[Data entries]
——————————

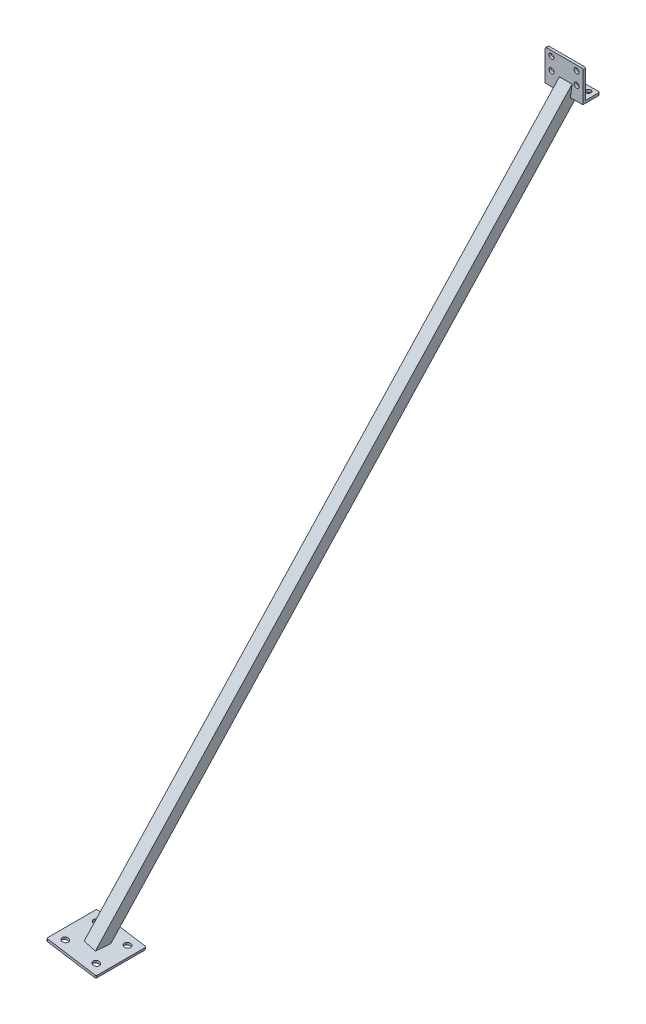
from build123d import *

# Parameters (mm, degrees)
BOSS_EXTRUDE1_DEPTH      = 60
BOSS_EXTRUDE2_DEPTH      = 2000
BOSS_EXTRUDE2_DEPTH_BACK = 20
SKETCH3_W                = 20
SKETCH3_H                = 20
SKETCH3_W_2              = 18
SKETCH3_H_2              = 18
CUT_EXTRUDE1_DEPTH       = 60
SKETCH6_W                = 80
SKETCH6_H                = 80
BOSS_EXTRUDE3_DEPTH      = 4
SKETCH7_W                = 155.890708873
SKETCH7_H                = 491.291930993
CUT_EXTRUDE2_DEPTH       = 1000
CUT_EXTRUDE3_REACH       = 1177.693
SKETCH8_R                = 3.999999996
CUT_EXTRUDE4_REACH       = 1177.693
SKETCH9_R                = 4.000000003
CUT_EXTRUDE5_REACH       = 1218.32
SKETCH10_R               = 5
FILLET1_R                = 2
FILLET2_R                = 2


with BuildPart() as part:
    # Sketch1 → Boss-Extrude1 (new body)
    with BuildSketch(Plane(origin=(0, 0, 0), x_dir=(0, 0, -1), z_dir=(1, 0, 0))):
        Polygon((0, 0), (0, 50), (4, 50), (4, 4), (27, 4), (27, 0), align=None)
    extrude(amount=BOSS_EXTRUDE1_DEPTH)

    # Sketch3 → Boss-Extrude2 (add, two sides: drawn at the far end of the back side and taken through both)
    with BuildSketch(Plane(origin=(0.734152256, 4.01424851, -2.317627458), x_dir=(0, -0.5000000000000011, -0.8660254037844382), z_dir=(-0.15643446504023129, -0.8553631939770857, 0.49384417029756994)).offset(-BOSS_EXTRUDE2_DEPTH_BACK)):
        with Locations((0, 29.630650218)):
            Rectangle(SKETCH3_W, SKETCH3_H)
        with Locations((0, 29.630650218)):
            Rectangle(SKETCH3_W_2, SKETCH3_H_2, mode=Mode.SUBTRACT)
    extrude(amount=BOSS_EXTRUDE2_DEPTH + BOSS_EXTRUDE2_DEPTH_BACK)

    # Sketch4 → Cut-Extrude1 (cut)
    with BuildSketch(Plane.ZY):
        Polygon((-4, 4), (-4, 34.425897354), (-31.384039134, 4), align=None)
    extrude(amount=-CUT_EXTRUDE1_DEPTH, mode=Mode.SUBTRACT)

    # Sketch6 → Boss-Extrude3 (add)
    with BuildSketch(Plane(origin=(-155.547262091, -982.086761679, 2e-09), x_dir=(0.9876883405962853, -0.15643446503298522, 2.850074130140165e-13), z_dir=(0.15643446503298522, 0.9876883405962853, -1.7994659856963005e-12))):
        with Locations((5.477031179, -566.441418586)):
            Rectangle(SKETCH6_W, SKETCH6_H)
    extrude(amount=BOSS_EXTRUDE3_DEPTH)

    # Sketch7 → Cut-Extrude2 (cut)
    with BuildSketch(Plane(origin=(-155.547262091, -982.086761679, 2e-09), x_dir=(0.9876883405962853, -0.15643446503298547, -2.6345367909155185e-10), z_dir=(-0.15643446503298547, -0.9876883405962853, 1.7997198054105393e-12))):
        with Locations((-7.001123273, 786.089826429)):
            Rectangle(SKETCH7_W, SKETCH7_H)
    extrude(amount=CUT_EXTRUDE2_DEPTH, mode=Mode.SUBTRACT)

    # Sketch8 → Cut-Extrude3 (cut, up to next)
    with BuildSketch(Plane.XY, mode=Mode.PRIVATE) as cut_extrude3_sk1:
        with Locations((10, 22)):
            Circle(SKETCH8_R)
    cut_extrude3_tool1 = extrude(cut_extrude3_sk1.sketch, amount=-CUT_EXTRUDE3_REACH, mode=Mode.PRIVATE) & part.part
    # Sketch8 → Cut-Extrude3 (cut, up to next)
    with BuildSketch(Plane.XY, mode=Mode.PRIVATE) as cut_extrude3_sk2:
        with Locations((50, 22)):
            Circle(SKETCH8_R)
    cut_extrude3_tool2 = extrude(cut_extrude3_sk2.sketch, amount=-CUT_EXTRUDE3_REACH, mode=Mode.PRIVATE) & part.part
    # Sketch8 → Cut-Extrude3 (cut, up to next)
    with BuildSketch(Plane.XY, mode=Mode.PRIVATE) as cut_extrude3_sk3:
        with Locations((50, 42)):
            Circle(SKETCH8_R)
    cut_extrude3_tool3 = extrude(cut_extrude3_sk3.sketch, amount=-CUT_EXTRUDE3_REACH, mode=Mode.PRIVATE) & part.part
    # Sketch8 → Cut-Extrude3 (cut, up to next)
    with BuildSketch(Plane.XY, mode=Mode.PRIVATE) as cut_extrude3_sk4:
        with Locations((10, 42)):
            Circle(SKETCH8_R)
    cut_extrude3_tool4 = extrude(cut_extrude3_sk4.sketch, amount=-CUT_EXTRUDE3_REACH, mode=Mode.PRIVATE) & part.part
    add(cut_extrude3_tool1.solids().sort_by_distance((10, 22, 0))[0], mode=Mode.SUBTRACT)
    add(cut_extrude3_tool2.solids().sort_by_distance((50, 22, 0))[0], mode=Mode.SUBTRACT)
    add(cut_extrude3_tool3.solids().sort_by_distance((50, 42, 0))[0], mode=Mode.SUBTRACT)
    add(cut_extrude3_tool4.solids().sort_by_distance((10, 42, 0))[0], mode=Mode.SUBTRACT)

    # Sketch9 → Cut-Extrude4 (cut, up to next)
    with BuildSketch(Plane.XZ, mode=Mode.PRIVATE) as cut_extrude4_sk1:
        with Locations((50, -19)):
            Circle(SKETCH9_R)
    cut_extrude4_tool1 = extrude(cut_extrude4_sk1.sketch, amount=-CUT_EXTRUDE4_REACH, mode=Mode.PRIVATE) & part.part
    # Sketch9 → Cut-Extrude4 (cut, up to next)
    with BuildSketch(Plane.XZ, mode=Mode.PRIVATE) as cut_extrude4_sk2:
        with Locations((10, -19)):
            Circle(SKETCH9_R)
    cut_extrude4_tool2 = extrude(cut_extrude4_sk2.sketch, amount=-CUT_EXTRUDE4_REACH, mode=Mode.PRIVATE) & part.part
    add(cut_extrude4_tool1.solids().sort_by_distance((50, 0, -19))[0], mode=Mode.SUBTRACT)
    add(cut_extrude4_tool2.solids().sort_by_distance((10, 0, -19))[0], mode=Mode.SUBTRACT)

    # Sketch10 → Cut-Extrude5 (cut, up to next)
    with BuildSketch(Plane(origin=(-155.547262091, -982.086761679, 2e-09), x_dir=(0.9876883405962853, -0.15643446503298547, -2.6345367909155185e-10), z_dir=(-0.15643446503298547, -0.9876883405962853, 1.7997198054105329e-12)), mode=Mode.PRIVATE) as cut_extrude5_sk1:
        with Locations((-19.52296896, 591.441418577)):
            Circle(SKETCH10_R)
    cut_extrude5_tool1 = extrude(cut_extrude5_sk1.sketch, amount=-CUT_EXTRUDE5_REACH, mode=Mode.PRIVATE) & part.part
    # Sketch10 → Cut-Extrude5 (cut, up to next)
    with BuildSketch(Plane(origin=(-155.547262091, -982.086761679, 2e-09), x_dir=(0.9876883405962853, -0.15643446503298547, -2.6345367909155185e-10), z_dir=(-0.15643446503298547, -0.9876883405962853, 1.7997198054105329e-12)), mode=Mode.PRIVATE) as cut_extrude5_sk2:
        with Locations((30.47703104, 591.441418577)):
            Circle(SKETCH10_R)
    cut_extrude5_tool2 = extrude(cut_extrude5_sk2.sketch, amount=-CUT_EXTRUDE5_REACH, mode=Mode.PRIVATE) & part.part
    # Sketch10 → Cut-Extrude5 (cut, up to next)
    with BuildSketch(Plane(origin=(-155.547262091, -982.086761679, 2e-09), x_dir=(0.9876883405962853, -0.15643446503298547, -2.6345367909155185e-10), z_dir=(-0.15643446503298547, -0.9876883405962853, 1.7997198054105329e-12)), mode=Mode.PRIVATE) as cut_extrude5_sk3:
        with Locations((30.47703104, 541.441418577)):
            Circle(SKETCH10_R)
    cut_extrude5_tool3 = extrude(cut_extrude5_sk3.sketch, amount=-CUT_EXTRUDE5_REACH, mode=Mode.PRIVATE) & part.part
    # Sketch10 → Cut-Extrude5 (cut, up to next)
    with BuildSketch(Plane(origin=(-155.547262091, -982.086761679, 2e-09), x_dir=(0.9876883405962853, -0.15643446503298547, -2.6345367909155185e-10), z_dir=(-0.15643446503298547, -0.9876883405962853, 1.7997198054105329e-12)), mode=Mode.PRIVATE) as cut_extrude5_sk4:
        with Locations((-19.52296896, 541.441418577)):
            Circle(SKETCH10_R)
    cut_extrude5_tool4 = extrude(cut_extrude5_sk4.sketch, amount=-CUT_EXTRUDE5_REACH, mode=Mode.PRIVATE) & part.part
    add(cut_extrude5_tool1.solids().sort_by_distance((-174.829871, -979.032696, 591.441419))[0], mode=Mode.SUBTRACT)
    add(cut_extrude5_tool2.solids().sort_by_distance((-125.445454, -986.85442, 591.441419))[0], mode=Mode.SUBTRACT)
    add(cut_extrude5_tool3.solids().sort_by_distance((-125.445454, -986.85442, 541.441419))[0], mode=Mode.SUBTRACT)
    add(cut_extrude5_tool4.solids().sort_by_distance((-174.829871, -979.032696, 541.441419))[0], mode=Mode.SUBTRACT)

    # Fillet1
    fillet1_edges = [part.edges().sort_by_distance(p)[0] for p in [
        (-189.332326949, -974.710802838, 606.441418588),
        (-189.332326949, -974.710802838, 526.441418588),
        (-110.317259701, -987.225560041, 526.441418588),
        (-110.317259701, -987.225560041, 606.441418588),
    ]]
    fillet(fillet1_edges, radius=FILLET1_R)

    # Fillet2
    fillet2_edges = [part.edges().sort_by_distance(p)[0] for p in [
        (60, 2, -27),
        (0, 2, -27),
        (60, 50, -2),
        (0, 50, -2),
    ]]
    fillet(fillet2_edges, radius=FILLET2_R)


solid = part.part

——————————

**PROBLEM**
What lines in the data hold the word "None"? Return them.

**ANSWER FOR THIS EXERCISE**
        Polygon((0, 0), (0, 50), (4, 50), (4, 4), (27, 4), (27, 0), align=None)
        Polygon((-4, 4), (-4, 34.425897354), (-31.384039134, 4), align=None)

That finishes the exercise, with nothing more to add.